Microcredit programs can therefore be considered one of the most popular development strategies (Enimu et al., 2017; Ghosh & Neogi, 2017; Ugwuja & Nweze, 2018; Wahidi, 2017), whose objective is to serve the poor, many of whom do not have access to traditional banking services, without the need for the borrower to present some kind of guarantee (Al-Shami et al., 2017; Armstrong, Ahsan, & Sundaramurthy, 2018; Milanov, Justo, & Bradley, 2015; Thanh & Duong, 2017; Wahidi, 2017).

Given these characteristics, there seems to be a consensus that microcredit is an important contemporary mechanism for reducing poverty and social inequalities, which has led several developing countries to stimulate this modality of credit, even as a development policy (Arbolino et al., 2018; Bezboruah & Pillai, 2017; Bidisha, Khan, Imran, Khondker, & Suhrawardy, 2017; Dutta & Banerjee, 2018; Li, Gan, & Yu, 2011; Thanh & Duong, 2017; Ugwuja & Nweze, 2018).

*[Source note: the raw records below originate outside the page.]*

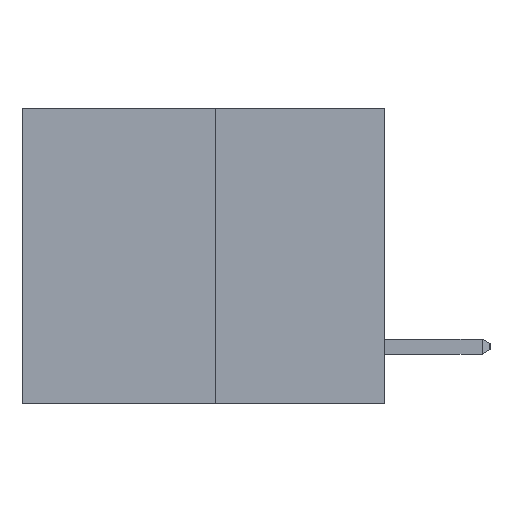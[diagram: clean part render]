
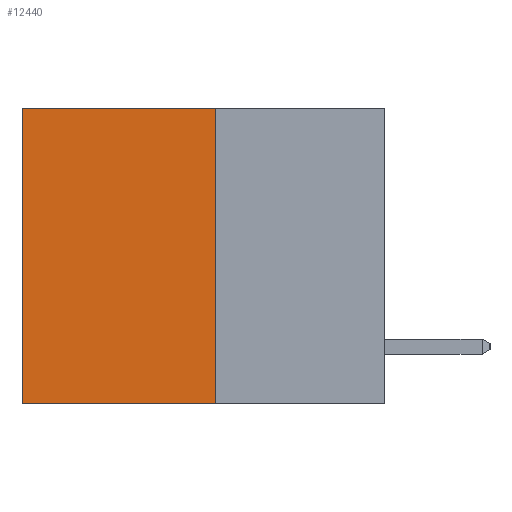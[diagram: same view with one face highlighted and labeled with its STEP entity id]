
A CAD part, left-side view. The second image highlights one B-rep face of the part: STEP entity #12440.
In plain terms, the highlighted planar face has unit normal (-1, 0, 0).
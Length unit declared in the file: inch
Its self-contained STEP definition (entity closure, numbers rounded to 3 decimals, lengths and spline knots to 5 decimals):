
#211 = DIRECTION ( 'NONE',  ( 0., 1., 0. ) ) ;
#1865 = LINE ( 'NONE', #12581, #4124 ) ;
#1899 = VECTOR ( 'NONE', #6587, 39.37008 ) ;
#1915 = CARTESIAN_POINT ( 'NONE',  ( 0.3165, 0.28, -0.49 ) ) ;
#2135 = LINE ( 'NONE', #6657, #1899 ) ;
#2565 = EDGE_LOOP ( 'NONE', ( #5882, #10633, #12965, #11160 ) ) ;
#2725 = CARTESIAN_POINT ( 'NONE',  ( 0.3165, 0.28, -0.49 ) ) ;
#3343 = VERTEX_POINT ( 'NONE', #16386 ) ;
#4124 = VECTOR ( 'NONE', #16888, 39.37008 ) ;
#4142 = FACE_OUTER_BOUND ( 'NONE', #2565, .T. ) ;
#4374 = DIRECTION ( 'NONE',  ( 0., 0., -1. ) ) ;
#5674 = VERTEX_POINT ( 'NONE', #1915 ) ;
#5882 = ORIENTED_EDGE ( 'NONE', *, *, #18668, .T. ) ;
#6587 = DIRECTION ( 'NONE',  ( 0., 1., 0. ) ) ;
#6657 = CARTESIAN_POINT ( 'NONE',  ( 0.3165, 0.28, -0.49 ) ) ;
#7210 = DIRECTION ( 'NONE',  ( 0., 0., -1. ) ) ;
#7279 = PLANE ( 'NONE',  #8742 ) ;
#8593 = LINE ( 'NONE', #2725, #15021 ) ;
#8742 = AXIS2_PLACEMENT_3D ( 'NONE', #10480, #15907, #7210 ) ;
#8802 = EDGE_CURVE ( 'NONE', #3343, #10755, #14588, .T. ) ;
#9079 = EDGE_CURVE ( 'NONE', #3343, #5674, #8593, .T. ) ;
#10480 = CARTESIAN_POINT ( 'NONE',  ( 0.3165, 0.28, -0.49 ) ) ;
#10633 = ORIENTED_EDGE ( 'NONE', *, *, #12129, .F. ) ;
#10755 = VERTEX_POINT ( 'NONE', #10901 ) ;
#10901 = CARTESIAN_POINT ( 'NONE',  ( 0.3165, 0.6, 0. ) ) ;
#11160 = ORIENTED_EDGE ( 'NONE', *, *, #8802, .T. ) ;
#12129 = EDGE_CURVE ( 'NONE', #5674, #14004, #2135, .T. ) ;
#12440 = ADVANCED_FACE ( 'NONE', ( #4142 ), #7279, .F. ) ;
#12581 = CARTESIAN_POINT ( 'NONE',  ( 0.3165, 0.6, -0.49 ) ) ;
#12965 = ORIENTED_EDGE ( 'NONE', *, *, #9079, .F. ) ;
#14004 = VERTEX_POINT ( 'NONE', #18909 ) ;
#14588 = LINE ( 'NONE', #14721, #17365 ) ;
#14721 = CARTESIAN_POINT ( 'NONE',  ( 0.3165, 0.28, 0. ) ) ;
#15021 = VECTOR ( 'NONE', #4374, 39.37008 ) ;
#15907 = DIRECTION ( 'NONE',  ( 1., 0., 0. ) ) ;
#16386 = CARTESIAN_POINT ( 'NONE',  ( 0.3165, 0.28, 0. ) ) ;
#16888 = DIRECTION ( 'NONE',  ( 0., 0., -1. ) ) ;
#17365 = VECTOR ( 'NONE', #211, 39.37008 ) ;
#18668 = EDGE_CURVE ( 'NONE', #10755, #14004, #1865, .T. ) ;
#18909 = CARTESIAN_POINT ( 'NONE',  ( 0.3165, 0.6, -0.49 ) ) ;

In addition, studies also point out the influence that microcredit has on welfare, such as the case developed by Al-Shami, Majid, Mohamad and Rashid (2017), indicating that productive microcredit loans have a significant positive influence over family welfare.

In general, borrowers make investments to create, resume or develop an activity capable of generating income, but also to implement life projects such as the purchase of...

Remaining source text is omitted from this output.